Endangered species if i remember correctly so only if you have a zoo license.


----------



## Emmaj (Dec 3, 2007)

Lucifus said:


> Endangered species if i remember correctly so only if you have a zoo license.


 
i was gonna say that aint the a protected endangered species :lol2:


----------



## Meko (Apr 29, 2007)

can you keep them outside Australia?


pretty sure i remember reading years ago that they only eat the leaves of the eucalyptus (sp) tree which only grows in Oz.. couple be completely wrong though


----------



## Emmaj (Dec 3, 2007)

Meko said:


> can you keep them outside Australia?
> 
> 
> pretty sure i remember reading years ago that they only eat the leaves of the eucalyptus (sp) tree which only grows in Oz.. couple be completely wrong though


 
yeah im sure your right on that one meko 

as thats why the population has declined their food supply is being taken from them 

but yeah im sure i saw something on that too : victory:


----------



## Mrs dirtydozen (Sep 5, 2008)

to my knowledge zoos are only allowed to keep them n u can not export animals from ozzie land anyway, so basically no they are not allowed, to my knowledge.


----------



## Emmaj (Dec 3, 2007)

Mrs dirtydozen said:


> to my knowledge zoos are only allowed to keep them n u can not export animals from ozzie land anyway, so basically no they are not allowed, to my knowledge.
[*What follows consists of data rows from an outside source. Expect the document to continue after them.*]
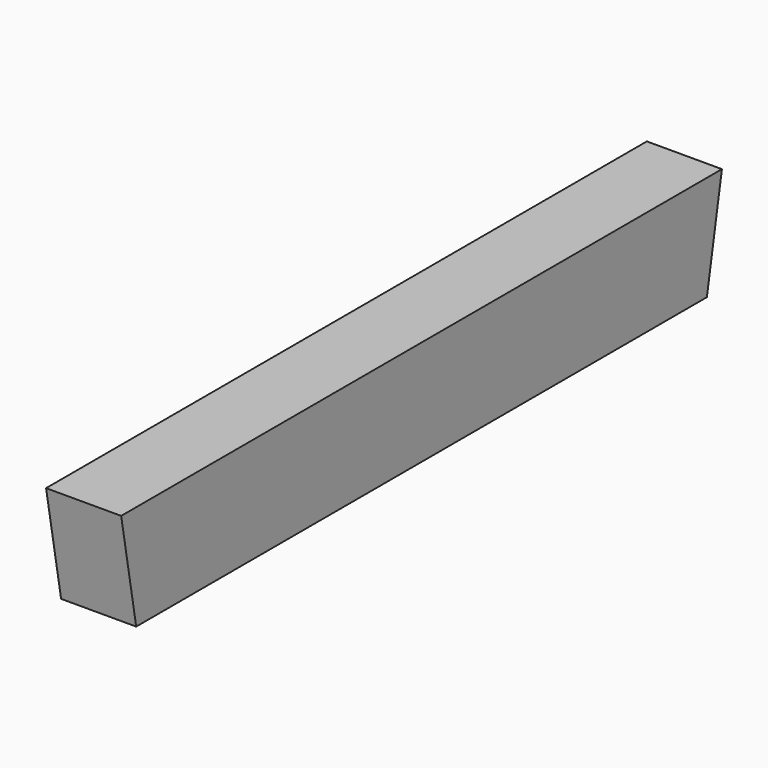
from build123d import *

# Parameters (mm, degrees)
F0_W     = 20
F0_H     = 28
F1_DEPTH = 200
F2_SIZE2 = 27.99999
F2_SIZE  = 4.99999
F3_SIZE2 = 4.99999
F3_SIZE  = 27.99999


# Not quite as in the source:
# - a fillet or chamfer is up to 0.001 mm smaller than in the source, because OpenCascade refuses the exact size


with BuildPart() as f1:
    # F0 (on Front) → F1 (new body)
    with BuildSketch(Plane.XZ):
        Rectangle(F0_W, F0_H)
    extrude(amount=F1_DEPTH)

    # F2 (size 5 and 28 in the source; OpenCascade refuses exactly that, so slightly less here)
    f2_edges = [f1.edges().sort_by_distance(p)[0] for p in [
        (0, -200, -14),
    ]]
    f2_side = f1.faces().sort_by_distance((0, -100, -14))[0]
    chamfer(f2_edges, length=F2_SIZE, length2=F2_SIZE2, reference=f2_side)

    # F3 (size 28 and 5 in the source; OpenCascade refuses exactly that, so slightly less here)
    f3_edges = [f1.edges().sort_by_distance(p)[0] for p in [
        (0, 0, -14),
    ]]
    f3_side = f1.faces().sort_by_distance((0, 0, 0))[0]
    chamfer(f3_edges, length=F3_SIZE, length2=F3_SIZE2, reference=f3_side)


solid = f1.part

yeps is it also true jen (something i heard) that in parts of aus they cant even keep the native bearded dragons as pets too ?

may have been a fairy tale lol thats why i asked :lol2:


----------



## DolphinPython (Jun 29, 2008)

oh cool haha. what about sloths ? my friend loves them!


----------



## Emmaj (Dec 3, 2007)

DolphinPython said:


> oh cool haha. what about sloths ? my friend loves them!


 
as far as i know sloths can be kept as pets if you have the right envirnment for them to live in an feed correct diet 

best person to ask would be Nerys give her a pm she will be able to let you know what can and cant be owned and if they need paper work too


----------



## Meko (Apr 29, 2007)

DolphinPython said:


> oh cool haha. what about sloths ? my friend loves them!


 
i've got some cloths, they're quite easy to keep


----------



## Issa (Oct 13, 2006)

Meko said:


> can you keep them outside Australia?
> 
> 
> pretty sure i remember reading years ago that they only eat the leaves of the eucalyptus (sp) tree which only grows in Oz.. couple be completely wrong though


Bang on. I grew up in Oz and you are right on the money there. Best of luck getting one out of oz as they are extremely funny about exports/imports when it comes to animals. Also why would you want one?? They smell really bad and despite the cute cuddly appearance are quite a nasty pieces of work when they are not high as a kite on eucalyptus leaves.


----------



## Scott W (May 19, 2007)

DolphinPython said:


> does anybody keep koala bears? are you allowed to


 
Yes it's 100% legal, the fact they are endangered just means the trade in them and their body parts is controlled by CITES.

The chances of actually getting any would be almost zero though


----------



## Emmaj (Dec 3, 2007)

Meko said:


> i've got some cloths, they're quite easy to keep


 
darn you meko i just spat me tea at the laptop :devil: thats the second time today grrrrrrrrrr:lol2::lol2::lol2:


----------



## pigglywiggly (Jul 19, 2008)

i`ve got a eucalyptus plant in me garden, i`ve checked, theres no kaolas in it tho.


----------



## Sarah-Jayne (Jul 4, 2007)

pigglywiggly said:


> i`ve got a eucalyptus plant in me garden, i`ve checked, theres no kaolas in it tho.


Me too, no koala in my garden either


----------



## Emmaj (Dec 3, 2007)

pigglywiggly said:


> i`ve got a eucalyptus plant in me garden, i`ve checked, theres no kaolas in it tho.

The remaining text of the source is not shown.